▸ ACTION ITEM
Look for the word "part" in the entries below, then copy every line that has it.

[Opening DATA FOR THIS EXERCISE section]

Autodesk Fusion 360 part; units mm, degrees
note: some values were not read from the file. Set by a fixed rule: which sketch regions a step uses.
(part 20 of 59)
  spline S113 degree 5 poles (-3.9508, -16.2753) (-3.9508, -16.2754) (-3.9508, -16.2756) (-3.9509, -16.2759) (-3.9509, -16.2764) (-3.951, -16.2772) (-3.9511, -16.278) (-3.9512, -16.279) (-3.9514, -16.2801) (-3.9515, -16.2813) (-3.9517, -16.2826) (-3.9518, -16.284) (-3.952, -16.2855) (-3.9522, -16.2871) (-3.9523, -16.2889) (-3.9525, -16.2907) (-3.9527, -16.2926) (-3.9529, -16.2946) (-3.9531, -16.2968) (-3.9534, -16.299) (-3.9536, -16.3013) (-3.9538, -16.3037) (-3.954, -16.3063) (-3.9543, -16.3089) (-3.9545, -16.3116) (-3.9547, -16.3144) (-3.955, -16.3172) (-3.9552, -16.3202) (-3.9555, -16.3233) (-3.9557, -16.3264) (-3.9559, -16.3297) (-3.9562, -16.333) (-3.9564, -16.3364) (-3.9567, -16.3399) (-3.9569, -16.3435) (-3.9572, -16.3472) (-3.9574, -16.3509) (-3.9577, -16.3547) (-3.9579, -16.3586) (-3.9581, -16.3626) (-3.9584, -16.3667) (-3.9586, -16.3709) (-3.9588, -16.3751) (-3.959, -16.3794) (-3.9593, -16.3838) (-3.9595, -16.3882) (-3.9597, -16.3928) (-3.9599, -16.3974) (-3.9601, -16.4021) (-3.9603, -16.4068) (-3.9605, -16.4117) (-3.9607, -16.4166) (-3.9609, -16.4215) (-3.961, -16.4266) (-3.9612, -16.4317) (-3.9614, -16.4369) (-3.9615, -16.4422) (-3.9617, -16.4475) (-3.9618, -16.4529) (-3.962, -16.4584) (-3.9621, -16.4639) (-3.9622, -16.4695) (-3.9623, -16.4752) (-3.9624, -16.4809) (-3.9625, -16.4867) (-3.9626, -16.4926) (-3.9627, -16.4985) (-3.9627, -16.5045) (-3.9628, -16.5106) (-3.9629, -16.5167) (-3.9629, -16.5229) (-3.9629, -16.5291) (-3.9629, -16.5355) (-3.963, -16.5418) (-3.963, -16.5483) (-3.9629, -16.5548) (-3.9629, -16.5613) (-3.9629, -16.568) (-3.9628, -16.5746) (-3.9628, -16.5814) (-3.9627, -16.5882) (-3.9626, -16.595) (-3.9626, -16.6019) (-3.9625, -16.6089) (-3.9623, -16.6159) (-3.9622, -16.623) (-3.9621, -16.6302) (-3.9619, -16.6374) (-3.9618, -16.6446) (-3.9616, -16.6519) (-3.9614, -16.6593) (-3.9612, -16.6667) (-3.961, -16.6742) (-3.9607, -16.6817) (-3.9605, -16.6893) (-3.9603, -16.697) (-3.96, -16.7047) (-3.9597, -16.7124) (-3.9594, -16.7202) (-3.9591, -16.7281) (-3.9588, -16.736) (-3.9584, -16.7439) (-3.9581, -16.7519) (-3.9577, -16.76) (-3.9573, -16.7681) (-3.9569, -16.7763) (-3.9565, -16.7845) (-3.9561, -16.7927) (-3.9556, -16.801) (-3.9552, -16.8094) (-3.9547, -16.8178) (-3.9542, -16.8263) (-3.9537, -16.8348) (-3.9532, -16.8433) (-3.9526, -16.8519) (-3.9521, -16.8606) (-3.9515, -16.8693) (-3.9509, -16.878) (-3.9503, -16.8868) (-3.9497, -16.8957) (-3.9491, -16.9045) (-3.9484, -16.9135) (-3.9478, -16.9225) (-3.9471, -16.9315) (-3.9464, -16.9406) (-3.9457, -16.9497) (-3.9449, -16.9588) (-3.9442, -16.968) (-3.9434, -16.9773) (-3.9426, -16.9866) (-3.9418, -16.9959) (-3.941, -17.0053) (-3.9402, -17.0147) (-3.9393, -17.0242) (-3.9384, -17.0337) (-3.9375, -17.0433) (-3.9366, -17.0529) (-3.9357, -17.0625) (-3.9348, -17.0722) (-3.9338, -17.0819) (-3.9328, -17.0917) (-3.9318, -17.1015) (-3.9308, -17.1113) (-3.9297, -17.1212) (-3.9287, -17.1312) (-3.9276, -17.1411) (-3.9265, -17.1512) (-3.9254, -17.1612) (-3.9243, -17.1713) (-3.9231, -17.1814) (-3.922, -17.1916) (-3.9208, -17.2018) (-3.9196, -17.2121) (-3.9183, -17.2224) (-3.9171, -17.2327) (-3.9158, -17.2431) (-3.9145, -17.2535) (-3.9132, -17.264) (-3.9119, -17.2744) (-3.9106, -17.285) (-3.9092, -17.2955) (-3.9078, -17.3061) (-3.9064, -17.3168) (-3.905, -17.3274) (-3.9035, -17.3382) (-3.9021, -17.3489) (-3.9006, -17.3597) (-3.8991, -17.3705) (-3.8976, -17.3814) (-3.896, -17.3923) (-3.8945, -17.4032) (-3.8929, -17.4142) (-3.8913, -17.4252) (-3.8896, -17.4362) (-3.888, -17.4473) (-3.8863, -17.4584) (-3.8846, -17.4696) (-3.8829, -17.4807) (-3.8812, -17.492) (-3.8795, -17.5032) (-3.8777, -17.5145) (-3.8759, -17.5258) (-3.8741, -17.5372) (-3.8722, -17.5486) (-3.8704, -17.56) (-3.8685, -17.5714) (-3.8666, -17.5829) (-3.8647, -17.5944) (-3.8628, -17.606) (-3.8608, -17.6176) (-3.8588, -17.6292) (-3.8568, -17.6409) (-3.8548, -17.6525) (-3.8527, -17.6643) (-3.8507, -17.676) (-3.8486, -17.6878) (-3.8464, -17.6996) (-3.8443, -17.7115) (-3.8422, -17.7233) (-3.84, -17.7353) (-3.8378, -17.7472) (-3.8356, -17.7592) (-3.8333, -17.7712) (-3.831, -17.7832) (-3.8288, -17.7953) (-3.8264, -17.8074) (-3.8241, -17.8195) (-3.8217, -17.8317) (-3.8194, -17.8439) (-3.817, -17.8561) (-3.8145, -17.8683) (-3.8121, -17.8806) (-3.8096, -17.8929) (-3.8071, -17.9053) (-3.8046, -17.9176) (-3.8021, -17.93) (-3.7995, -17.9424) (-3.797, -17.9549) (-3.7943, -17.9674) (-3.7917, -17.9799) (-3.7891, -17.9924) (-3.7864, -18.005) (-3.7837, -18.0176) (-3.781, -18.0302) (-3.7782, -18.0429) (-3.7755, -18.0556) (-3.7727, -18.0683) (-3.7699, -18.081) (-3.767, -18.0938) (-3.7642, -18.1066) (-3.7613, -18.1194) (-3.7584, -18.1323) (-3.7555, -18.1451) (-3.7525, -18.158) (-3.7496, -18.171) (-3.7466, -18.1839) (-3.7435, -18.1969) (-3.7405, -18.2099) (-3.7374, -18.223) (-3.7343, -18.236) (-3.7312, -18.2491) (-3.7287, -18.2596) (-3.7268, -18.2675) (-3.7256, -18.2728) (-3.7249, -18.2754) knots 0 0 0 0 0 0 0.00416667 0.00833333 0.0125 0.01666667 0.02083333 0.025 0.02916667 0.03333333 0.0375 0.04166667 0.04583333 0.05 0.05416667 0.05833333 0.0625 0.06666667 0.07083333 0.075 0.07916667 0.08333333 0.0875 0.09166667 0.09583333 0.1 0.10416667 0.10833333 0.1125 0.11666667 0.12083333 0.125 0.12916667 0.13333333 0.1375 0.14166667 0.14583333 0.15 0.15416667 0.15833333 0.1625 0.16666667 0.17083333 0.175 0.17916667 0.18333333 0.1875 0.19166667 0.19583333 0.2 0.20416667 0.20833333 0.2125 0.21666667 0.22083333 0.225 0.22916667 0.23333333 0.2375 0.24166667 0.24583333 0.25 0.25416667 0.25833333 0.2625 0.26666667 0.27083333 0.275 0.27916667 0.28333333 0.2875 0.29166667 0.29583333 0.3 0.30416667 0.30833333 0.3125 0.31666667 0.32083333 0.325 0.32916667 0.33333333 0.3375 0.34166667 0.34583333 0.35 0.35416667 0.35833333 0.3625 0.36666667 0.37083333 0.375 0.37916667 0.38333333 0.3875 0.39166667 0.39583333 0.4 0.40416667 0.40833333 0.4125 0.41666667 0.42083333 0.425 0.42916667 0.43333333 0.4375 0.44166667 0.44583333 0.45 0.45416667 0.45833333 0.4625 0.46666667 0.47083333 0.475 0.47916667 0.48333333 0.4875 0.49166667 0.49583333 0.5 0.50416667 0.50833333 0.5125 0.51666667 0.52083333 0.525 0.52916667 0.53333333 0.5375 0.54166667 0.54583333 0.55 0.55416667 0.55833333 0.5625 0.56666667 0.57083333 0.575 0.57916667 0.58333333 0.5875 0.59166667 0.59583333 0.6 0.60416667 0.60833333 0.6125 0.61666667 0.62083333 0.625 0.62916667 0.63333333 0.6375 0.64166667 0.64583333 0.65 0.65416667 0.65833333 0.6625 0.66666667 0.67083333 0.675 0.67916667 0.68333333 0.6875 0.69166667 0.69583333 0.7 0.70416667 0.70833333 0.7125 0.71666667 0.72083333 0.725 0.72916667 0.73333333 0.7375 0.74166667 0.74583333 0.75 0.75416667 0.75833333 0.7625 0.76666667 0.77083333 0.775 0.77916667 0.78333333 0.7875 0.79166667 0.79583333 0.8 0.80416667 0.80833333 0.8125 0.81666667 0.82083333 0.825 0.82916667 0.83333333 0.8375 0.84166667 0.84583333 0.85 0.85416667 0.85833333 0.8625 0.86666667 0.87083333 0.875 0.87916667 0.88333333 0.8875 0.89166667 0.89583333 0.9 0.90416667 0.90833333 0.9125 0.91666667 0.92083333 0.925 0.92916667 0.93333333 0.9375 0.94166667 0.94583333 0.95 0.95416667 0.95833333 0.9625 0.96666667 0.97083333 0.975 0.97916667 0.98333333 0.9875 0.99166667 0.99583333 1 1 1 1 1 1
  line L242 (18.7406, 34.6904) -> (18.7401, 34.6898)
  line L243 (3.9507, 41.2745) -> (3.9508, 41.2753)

[Closing DATA FOR THIS EXERCISE section]

▸ YOUR SOLUTION
Autodesk Fusion 360 part; units mm, degrees
(part 20 of 59)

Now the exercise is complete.